La Turquie envoie des réfugiés ouïgours en Chine

La Turquie envoie des réfugiés ouïgours en Chine, où ils risquent d'être sévèrement emprisonnés et persécutés, selon un rapport publié dans le Telegraph. Le pays eurasien utiliserait la route de pays tiers tels que le Tadjikistan pour envoyer des membres de cette minorité musulmane qui sont contraints par le régime communiste chinois.
Le président turc Recep Tayyip Erdogan « aide la Chine à rapatrier les dissidents musulmans en les envoyant dans des pays tiers avant leur retour en Chine », selon The Telegraph.
Face à ce problème, les Etats-Unis ont exigé que la Chine cesse ses efforts pour « contraindre » les musulmans ouïgours qui ont fui le pays dans le but de revenir, comme l'a confirmé lundi à Al-Arabiya English un porte-parole du Département d'Etat américain.

« Les États-Unis continueront à appeler la République populaire de Chine à mettre immédiatement fin à sa campagne de répression dans le Xinjiang, à libérer toutes les personnes détenues arbitrairement et à cesser les efforts visant à forcer les membres des groupes minoritaires musulmans résidant à l'étranger à revenir en Chine pour y subir un sort incertain », a déclaré la source du département d'État américain.
Une minorité ouïgoure subissant les pressions chinoises pour renoncer à son identité religieuse, notamment en passant par ce qu'on appelle gentiment des « camps de rééducation ». Pendant ce temps, Pékin considère que de nombreux Ouïghours sont des extrémistes et affirme qu'ils sont dangereux pour la sécurité nationale chinoise.

Dans le passé, Recep Tayyip Erdogan, qui se reconnaît comme un leader islamique mondial, a qualifié de « génocide » les actions chinoises contre les musulmans ouïgours en Chine. Mais récemment, son gouvernement a cessé de s'opposer au traitement réservé par la Chine aux Ouïghours, une décision qui, selon The Telegraph, est probablement motivée par des raisons économiques et découle du désir d'Ankara de voir la Chine investir en Turquie.
Le Tadjikistan est l'un des lieux de passage intermédiaires que la Turquie utiliserait pour transférer les Ouïghours en Chine, selon The Telegraph.
Les médias britanniques ont évoqué l'histoire d'Aimuzi Kuwanhan, 59 ans, un Ouïghour qui a fui la Chine et s'est réfugié en Turquie pour vivre dans un logement géré par l'État. Après sa disparition l'été dernier, sa piste a été suivie jusqu'à un centre de détention dans la ville turque d'Izmir, avant qu'il ne soit extradé vers le Tadjikistan, selon The Telegraph, qui cite un avocat engagé par sa famille. « Des sources qui connaissaient le Koweït disent qu'il était destiné à la Chine à partir de là », a déclaré le journal. Une autre femme ouïgoure, Zinntegul Tursun, a également été déportée de Turquie au Tadjikistan vers la Chine l'année dernière, selon le journal britannique.

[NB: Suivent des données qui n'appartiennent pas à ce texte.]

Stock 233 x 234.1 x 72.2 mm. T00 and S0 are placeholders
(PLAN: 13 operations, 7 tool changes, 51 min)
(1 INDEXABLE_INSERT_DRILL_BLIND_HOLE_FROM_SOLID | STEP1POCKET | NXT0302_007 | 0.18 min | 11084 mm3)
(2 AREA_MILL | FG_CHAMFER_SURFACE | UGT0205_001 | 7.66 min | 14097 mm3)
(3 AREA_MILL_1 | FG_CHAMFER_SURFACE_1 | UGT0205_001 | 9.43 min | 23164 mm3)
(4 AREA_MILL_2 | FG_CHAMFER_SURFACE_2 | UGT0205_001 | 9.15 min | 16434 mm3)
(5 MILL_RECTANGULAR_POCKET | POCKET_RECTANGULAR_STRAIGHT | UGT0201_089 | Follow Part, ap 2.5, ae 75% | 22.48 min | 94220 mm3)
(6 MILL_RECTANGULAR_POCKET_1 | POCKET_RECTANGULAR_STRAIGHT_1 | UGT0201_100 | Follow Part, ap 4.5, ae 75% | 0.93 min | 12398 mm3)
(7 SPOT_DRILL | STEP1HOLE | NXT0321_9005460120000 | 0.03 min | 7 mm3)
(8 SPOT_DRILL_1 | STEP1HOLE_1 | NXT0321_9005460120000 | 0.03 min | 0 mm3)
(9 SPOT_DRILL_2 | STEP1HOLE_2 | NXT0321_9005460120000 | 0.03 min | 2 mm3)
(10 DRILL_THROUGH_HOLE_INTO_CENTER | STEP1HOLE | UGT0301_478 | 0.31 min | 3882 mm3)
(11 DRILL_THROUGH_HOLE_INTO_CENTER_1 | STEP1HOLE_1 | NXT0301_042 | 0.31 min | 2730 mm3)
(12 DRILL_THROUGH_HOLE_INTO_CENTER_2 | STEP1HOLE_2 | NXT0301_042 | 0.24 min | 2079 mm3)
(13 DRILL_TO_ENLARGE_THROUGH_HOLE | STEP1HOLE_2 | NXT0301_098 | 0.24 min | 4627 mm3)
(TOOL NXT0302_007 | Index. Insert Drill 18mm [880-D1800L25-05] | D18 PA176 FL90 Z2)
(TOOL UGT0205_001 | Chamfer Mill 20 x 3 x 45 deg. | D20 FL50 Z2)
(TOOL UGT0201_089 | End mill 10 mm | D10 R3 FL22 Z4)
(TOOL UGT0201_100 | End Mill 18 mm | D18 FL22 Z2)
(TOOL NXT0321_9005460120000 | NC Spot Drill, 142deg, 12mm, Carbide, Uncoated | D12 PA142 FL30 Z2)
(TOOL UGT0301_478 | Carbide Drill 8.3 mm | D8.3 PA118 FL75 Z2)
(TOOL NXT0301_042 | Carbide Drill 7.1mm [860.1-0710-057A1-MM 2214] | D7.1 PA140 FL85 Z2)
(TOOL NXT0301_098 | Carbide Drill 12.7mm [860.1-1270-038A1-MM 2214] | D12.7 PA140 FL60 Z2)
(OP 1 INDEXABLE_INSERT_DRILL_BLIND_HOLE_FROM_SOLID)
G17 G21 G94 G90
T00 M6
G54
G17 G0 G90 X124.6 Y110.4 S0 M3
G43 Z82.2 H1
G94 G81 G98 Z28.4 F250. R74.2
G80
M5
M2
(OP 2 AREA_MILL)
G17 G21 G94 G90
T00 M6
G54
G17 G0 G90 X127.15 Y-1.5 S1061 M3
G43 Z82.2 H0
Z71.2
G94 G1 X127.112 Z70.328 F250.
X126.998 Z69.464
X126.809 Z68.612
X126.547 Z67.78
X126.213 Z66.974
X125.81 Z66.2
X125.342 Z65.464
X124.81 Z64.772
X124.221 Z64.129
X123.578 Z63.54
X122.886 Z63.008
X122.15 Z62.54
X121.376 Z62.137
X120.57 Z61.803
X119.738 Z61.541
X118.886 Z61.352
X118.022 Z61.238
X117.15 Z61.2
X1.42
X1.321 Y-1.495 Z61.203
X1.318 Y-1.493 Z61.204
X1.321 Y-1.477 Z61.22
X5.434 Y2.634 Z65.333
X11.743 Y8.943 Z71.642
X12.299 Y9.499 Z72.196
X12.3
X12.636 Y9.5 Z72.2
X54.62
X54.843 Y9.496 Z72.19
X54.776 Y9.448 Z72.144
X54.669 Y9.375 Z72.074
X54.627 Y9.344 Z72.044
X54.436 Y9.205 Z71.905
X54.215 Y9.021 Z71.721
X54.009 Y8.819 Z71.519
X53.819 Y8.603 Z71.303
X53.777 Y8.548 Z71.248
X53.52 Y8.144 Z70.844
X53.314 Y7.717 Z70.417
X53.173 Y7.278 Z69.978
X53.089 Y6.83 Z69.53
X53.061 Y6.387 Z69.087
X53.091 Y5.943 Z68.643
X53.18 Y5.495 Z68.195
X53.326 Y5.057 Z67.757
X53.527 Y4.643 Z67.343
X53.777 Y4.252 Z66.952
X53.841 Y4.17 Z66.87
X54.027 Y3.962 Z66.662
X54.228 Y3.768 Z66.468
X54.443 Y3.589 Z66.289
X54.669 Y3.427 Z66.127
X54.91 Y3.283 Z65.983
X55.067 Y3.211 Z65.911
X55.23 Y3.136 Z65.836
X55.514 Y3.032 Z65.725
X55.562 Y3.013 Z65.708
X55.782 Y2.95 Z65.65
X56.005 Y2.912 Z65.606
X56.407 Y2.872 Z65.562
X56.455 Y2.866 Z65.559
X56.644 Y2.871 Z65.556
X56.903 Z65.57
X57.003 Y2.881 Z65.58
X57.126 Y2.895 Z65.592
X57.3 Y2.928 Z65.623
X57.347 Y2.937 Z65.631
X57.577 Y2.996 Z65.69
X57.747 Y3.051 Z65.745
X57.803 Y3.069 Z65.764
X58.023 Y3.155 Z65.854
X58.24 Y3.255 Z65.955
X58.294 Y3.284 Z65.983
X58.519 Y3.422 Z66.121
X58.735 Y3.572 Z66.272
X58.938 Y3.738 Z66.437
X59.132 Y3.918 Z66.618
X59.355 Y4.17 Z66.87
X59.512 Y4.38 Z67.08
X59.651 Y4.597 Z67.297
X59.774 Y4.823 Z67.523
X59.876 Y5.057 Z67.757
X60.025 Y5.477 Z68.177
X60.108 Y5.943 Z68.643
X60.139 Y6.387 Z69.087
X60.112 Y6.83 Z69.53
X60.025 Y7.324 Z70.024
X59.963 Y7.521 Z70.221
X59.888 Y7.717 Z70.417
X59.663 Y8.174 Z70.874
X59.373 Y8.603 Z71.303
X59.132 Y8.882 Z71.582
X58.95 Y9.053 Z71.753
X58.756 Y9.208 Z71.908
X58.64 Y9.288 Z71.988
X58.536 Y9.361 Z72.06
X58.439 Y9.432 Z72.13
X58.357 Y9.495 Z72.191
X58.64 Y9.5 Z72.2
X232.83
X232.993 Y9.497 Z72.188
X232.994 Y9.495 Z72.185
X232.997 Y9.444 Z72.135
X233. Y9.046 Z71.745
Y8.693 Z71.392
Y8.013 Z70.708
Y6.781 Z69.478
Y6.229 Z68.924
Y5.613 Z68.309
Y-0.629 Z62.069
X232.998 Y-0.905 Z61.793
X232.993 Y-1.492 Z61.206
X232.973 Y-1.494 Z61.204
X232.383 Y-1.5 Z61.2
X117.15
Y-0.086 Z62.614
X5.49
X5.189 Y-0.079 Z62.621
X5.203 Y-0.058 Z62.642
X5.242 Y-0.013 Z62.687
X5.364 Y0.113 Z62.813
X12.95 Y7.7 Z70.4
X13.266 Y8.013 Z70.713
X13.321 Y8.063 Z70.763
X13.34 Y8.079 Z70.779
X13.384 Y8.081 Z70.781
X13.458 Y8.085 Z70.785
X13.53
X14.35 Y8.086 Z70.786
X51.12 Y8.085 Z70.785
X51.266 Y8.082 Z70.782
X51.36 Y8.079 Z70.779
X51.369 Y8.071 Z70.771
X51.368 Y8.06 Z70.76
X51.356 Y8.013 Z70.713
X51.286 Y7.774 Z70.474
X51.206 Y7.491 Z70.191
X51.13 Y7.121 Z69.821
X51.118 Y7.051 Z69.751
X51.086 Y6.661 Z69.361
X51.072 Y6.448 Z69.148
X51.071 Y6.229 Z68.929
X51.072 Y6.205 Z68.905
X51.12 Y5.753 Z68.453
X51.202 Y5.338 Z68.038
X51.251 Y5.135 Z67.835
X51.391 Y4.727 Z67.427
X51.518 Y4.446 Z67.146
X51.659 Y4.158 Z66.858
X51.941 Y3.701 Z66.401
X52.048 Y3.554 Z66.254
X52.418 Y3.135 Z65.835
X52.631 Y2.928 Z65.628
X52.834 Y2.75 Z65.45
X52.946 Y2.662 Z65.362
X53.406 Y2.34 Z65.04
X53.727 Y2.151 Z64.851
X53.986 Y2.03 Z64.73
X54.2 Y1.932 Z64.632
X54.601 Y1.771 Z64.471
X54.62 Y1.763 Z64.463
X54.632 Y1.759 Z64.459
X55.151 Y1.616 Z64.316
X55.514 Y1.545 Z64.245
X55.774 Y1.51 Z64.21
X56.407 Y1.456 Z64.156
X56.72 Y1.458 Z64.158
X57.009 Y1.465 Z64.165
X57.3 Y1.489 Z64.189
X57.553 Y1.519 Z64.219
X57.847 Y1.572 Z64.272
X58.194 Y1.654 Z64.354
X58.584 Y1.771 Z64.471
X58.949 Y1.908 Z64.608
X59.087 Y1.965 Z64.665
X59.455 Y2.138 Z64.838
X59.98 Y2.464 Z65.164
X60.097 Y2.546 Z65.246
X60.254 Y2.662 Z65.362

Ce ne sont pas les seuls cas. La radio publique nationale américaine a rapporté en mars que le réfugié ouïgour Abdurehim Imin Parach, un fervent opposant au régime chinois, a été arrêté à Istanbul par la police turque qui « l'a exhorté à ne pas s'exprimer contre la Chine. "Je ne sais pas si la Chine fait directement pression sur le gouvernement turc pour contrôler les Ouïghours ici », a déclaré Parach dans une interview à NPR, "ou si des agents chinois ont infiltré la société turque pour nous faire passer pour des terroristes.
La population ouïghoure, une minorité ethnique en Chine, est majoritairement musulmane et réside dans la région nord-ouest du Xinjiang, qui a des frontières avec de nombreux pays, dont le Tadjikistan. Depuis 2017, le gouvernement chinois a réprimé la communauté en détenant plus d'un million de musulmans ouïgours dans des « camps de rééducation », selon les estimations des États-Unis et de l'ONU.

Accusés d'extrémisme, Pékin les détient en les obligeant à renoncer à l'islam et à vivre dans des conditions de prison dans les centres de détention, comme l'ont indiqué divers médias. Entre-temps, lorsque le gouvernement chinois a été accusé de violations répétées des droits de l'homme des Ouïgours, les porte-parole du régime chinois se sont défendus en disant que les mesures prises s'inscrivaient dans le cadre d'une campagne contre le terrorisme djihadiste. S'il est vrai que certaines organisations armées ouïgoures ont effectivement été qualifiées de terroristes par les Nations unies ou les États-Unis, la vérité est que la politique officielle envers tous les membres de ce groupe ethnique semble assez disproportionnée en ce sens.